今回は、遺産分割協議のために相続人の「代理人」が必要なケースについて解説します。※本連載では、税理士・内田麻由子氏監修『図解 いちばん親切な相続税の本 16-17年版』(ナツメ社)の中から一部を抜粋し、相続の中でも特に問題になりやすい「遺産分割」の基本を解説していきます。

法定相続人の中に「未成年者」がいる場合は・・・

遺産分割協議では相続人全員の同意が必要となるのですが、遺産分割協議が法律行為にあたるため、未成年者(満20歳未満)が参加することはできません。法定相続人の中に未成年者がいる場合には、代理人を立てることが求められます。

 

通常、未成年者の代理人は、その親(親権者)が務めます。ところが、親も相続人となっているようなケースでは、親子は利益相反の関係にあるため、別の誰かに代理人となってもらうことが必要です。

 

未成年者の代理人は親権者が勝手に決められるものではなく、家庭裁判所に特別代理人を選定してもらわなければなりません。この申し立てができるのは、親権者と利害関係者のみです。

判断能力が低下している相続人を守る「成年後見制度」

相続人が認知症や知的障害・精神障害などによって合理的な思考や判断ができなくなっている場合にも代理人が必要です。

 

このような状態の相続人の権利や利益を守るために設けられたしくみに成年後見制度があります。この制度に基づき、判断能力が低下している相続人の代わりに協議に参加し、相続後も財産管理や契約を継続して行っていく人を成年後見人として選任します。

 

成年後見制度は、相続人本人にまだ判断能力があるうちに自分の意思で任意の人を選ぶ「任意後見人」と、配偶者や親族などの申し立てによって家庭裁判所に選任してもらう「法定後見人」の2つに分けられます。相続人の親族の中に後見人として適当な人がいない場合には、法律や福祉の専門家が選任されることも多いようです。

 

なお、家庭裁判所で未成年者の代理人や認知症の人の後見人を選任する手続きには、とても時間がかかります。

 

そのため、相続人の中に未成年者や認知症の人がいる場合には、遺言書をつくっておくことをおすすめします。
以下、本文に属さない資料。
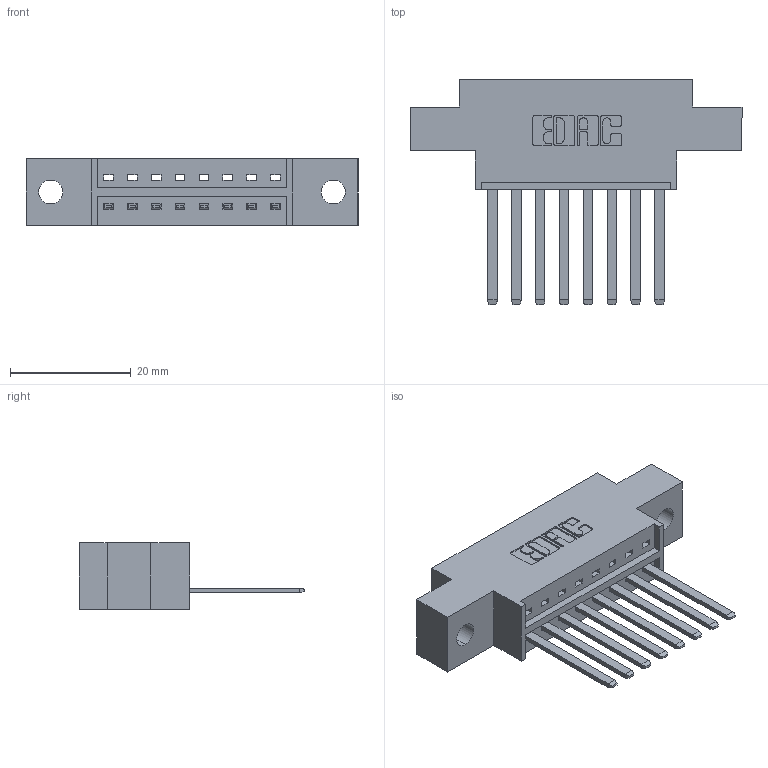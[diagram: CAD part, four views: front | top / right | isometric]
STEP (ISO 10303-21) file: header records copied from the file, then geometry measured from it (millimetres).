
FILE_DESCRIPTION (( 'STEP AP203' ), '1' );
FILE_NAME ('336-008-541-604.STEP', '2020-08-07T19:21:33', ( '' ), ( '' ), 'SwSTEP 2.0', 'SolidWorks 2020', '' );
FILE_SCHEMA (( 'CONFIG_CONTROL_DESIGN' ));
Length unit declared in the file: inch
Products named in the file (3): 336-008-541-604; 336 Part_Offset - .156 Dia - TH; 336-290-001_336-290-541
Assembly tree (9 placements, depth 2):
  336-008-541-604
    336 Part_Offset - .156 Dia - TH
    336-290-001_336-290-541  x8
Bounding box: 55.09 x 37.34 x 11.1 mm (x, y, z)
Volume: 6956.2 mm3; surface area: 7017.1 mm2
Topology: 9 solids, 9 shells, 518 faces, 1555 edges, 1030 vertices
Faces by surface type: plane 346, cylinder 172
Entity records: 10198 total; most frequent: CARTESIAN_POINT 1865, ORIENTED_EDGE 1710, DIRECTION 1543, EDGE_CURVE 855, LINE 723, VECTOR 723, VERTEX_POINT 568, AXIS2_PLACEMENT_3D 410
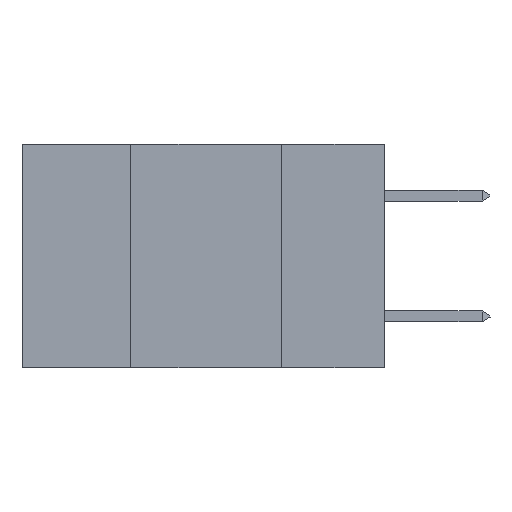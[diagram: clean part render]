
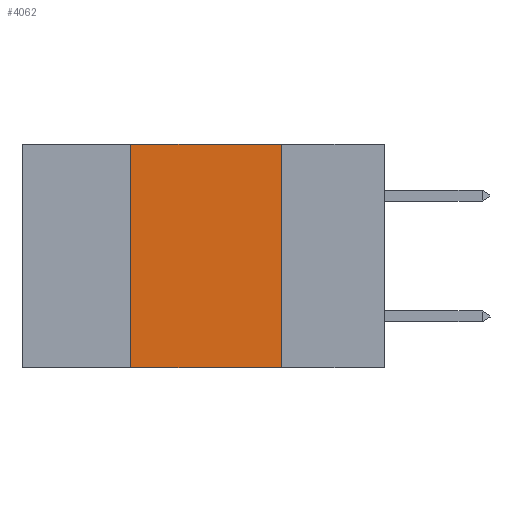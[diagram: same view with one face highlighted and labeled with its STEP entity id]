
A CAD part, left-side view. The second image highlights one B-rep face of the part: STEP entity #4062.
In plain terms, the highlighted planar face has unit normal (-1, 0, 0).
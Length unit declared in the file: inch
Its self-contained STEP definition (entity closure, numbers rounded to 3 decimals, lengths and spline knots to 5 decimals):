
#391 = PLANE ( 'NONE',  #18715 ) ;
#723 = VERTEX_POINT ( 'NONE', #4094 ) ;
#1186 = EDGE_CURVE ( 'NONE', #14471, #7868, #6057, .T. ) ;
#2191 = EDGE_LOOP ( 'NONE', ( #15825, #17214, #16787, #14879 ) ) ;
#2945 = LINE ( 'NONE', #11018, #15619 ) ;
#3985 = DIRECTION ( 'NONE',  ( 0., 0., -1. ) ) ;
#4062 = ADVANCED_FACE ( 'NONE', ( #19248 ), #391, .F. ) ;
#4094 = CARTESIAN_POINT ( 'NONE',  ( 0., 0.17, -0.37 ) ) ;
#5074 = DIRECTION ( 'NONE',  ( 0., 0., -1. ) ) ;
#5606 = EDGE_CURVE ( 'NONE', #6135, #723, #19679, .T. ) ;
#6057 = LINE ( 'NONE', #15832, #17505 ) ;
#6135 = VERTEX_POINT ( 'NONE', #13158 ) ;
#6160 = DIRECTION ( 'NONE',  ( 0., -1., 0. ) ) ;
#7868 = VERTEX_POINT ( 'NONE', #16654 ) ;
#9444 = EDGE_CURVE ( 'NONE', #14471, #723, #18582, .T. ) ;
#10965 = VECTOR ( 'NONE', #17641, 39.37008 ) ;
#11018 = CARTESIAN_POINT ( 'NONE',  ( 0., 0.6, 0. ) ) ;
#11333 = CARTESIAN_POINT ( 'NONE',  ( 0., 0.42, -0.37 ) ) ;
#12118 = CARTESIAN_POINT ( 'NONE',  ( 0., 0.17, 0. ) ) ;
#12213 = CARTESIAN_POINT ( 'NONE',  ( 0., 0.6, 0. ) ) ;
#13158 = CARTESIAN_POINT ( 'NONE',  ( 0., 0.17, 0. ) ) ;
#14373 = CARTESIAN_POINT ( 'NONE',  ( 0., 0.6, -0.37 ) ) ;
#14471 = VERTEX_POINT ( 'NONE', #11333 ) ;
#14879 = ORIENTED_EDGE ( 'NONE', *, *, #9444, .T. ) ;
#15619 = VECTOR ( 'NONE', #6160, 39.37008 ) ;
#15761 = DIRECTION ( 'NONE',  ( 0., 0., 1. ) ) ;
#15825 = ORIENTED_EDGE ( 'NONE', *, *, #5606, .F. ) ;
#15832 = CARTESIAN_POINT ( 'NONE',  ( 0., 0.42, 0. ) ) ;
#16251 = DIRECTION ( 'NONE',  ( 1., 0., 0. ) ) ;
#16654 = CARTESIAN_POINT ( 'NONE',  ( 0., 0.42, 0. ) ) ;
#16787 = ORIENTED_EDGE ( 'NONE', *, *, #1186, .F. ) ;
#17214 = ORIENTED_EDGE ( 'NONE', *, *, #19964, .F. ) ;
#17505 = VECTOR ( 'NONE', #15761, 39.37008 ) ;
#17641 = DIRECTION ( 'NONE',  ( 0., -1., 0. ) ) ;
#18582 = LINE ( 'NONE', #14373, #10965 ) ;
#18715 = AXIS2_PLACEMENT_3D ( 'NONE', #12213, #16251, #5074 ) ;
#19248 = FACE_OUTER_BOUND ( 'NONE', #2191, .T. ) ;
#19679 = LINE ( 'NONE', #12118, #19929 ) ;
#19929 = VECTOR ( 'NONE', #3985, 39.37008 ) ;
#19964 = EDGE_CURVE ( 'NONE', #7868, #6135, #2945, .T. ) ;
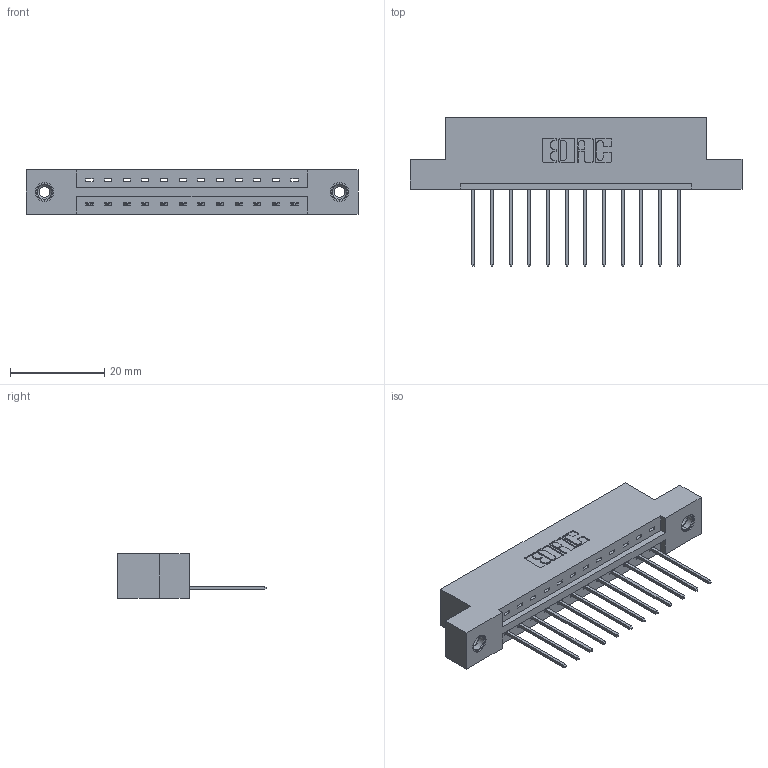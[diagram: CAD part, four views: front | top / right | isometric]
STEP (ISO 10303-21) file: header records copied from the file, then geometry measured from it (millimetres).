
FILE_DESCRIPTION (( 'STEP AP203' ), '1' );
FILE_NAME ('387-012-542-108.STEP', '2019-10-02T13:29:11', ( '' ), ( '' ), 'SwSTEP 2.0', 'SolidWorks 2016', '' );
FILE_SCHEMA (( 'CONFIG_CONTROL_DESIGN' ));
Length unit declared in the file: inch
Products named in the file (4): 345-292-001_345-293-142; 337 Part_Flush Mounting Lugs - 0.156 Dia-TI; 345-250-001_345-250-003-102; 387-012-542-108
Assembly tree (15 placements, depth 2):
  387-012-542-108
    337 Part_Flush Mounting Lugs - 0.156 Dia-TI
    345-292-001_345-293-142  x12
    345-250-001_345-250-003-102  x2
Bounding box: 70.56 x 31.63 x 9.4 mm (x, y, z)
Volume: 6978.4 mm3; surface area: 7250 mm2
Topology: 15 solids, 15 shells, 918 faces, 2703 edges, 1778 vertices
Faces by surface type: plane 654, cylinder 248, cone 12, torus 4
Entity records: 14004 total; most frequent: CARTESIAN_POINT 2417, ORIENTED_EDGE 2358, DIRECTION 2129, EDGE_CURVE 1179, VECTOR 1031, LINE 1031, VERTEX_POINT 780, AXIS2_PLACEMENT_3D 549

遺言書があれば、遺産分割協議のためにわざわざ代理人・後見人を選任する手続きは不要になるからです。

 

【Point】

未成年者や認知症患者など、合理的な判断ができない相続人がいる場合は、代理人を立てる必要があります。

 

ココを押さえる!

□未成年の相続人は遺産分割協議に参加できないため、法定代理人または特別代理人を選任する。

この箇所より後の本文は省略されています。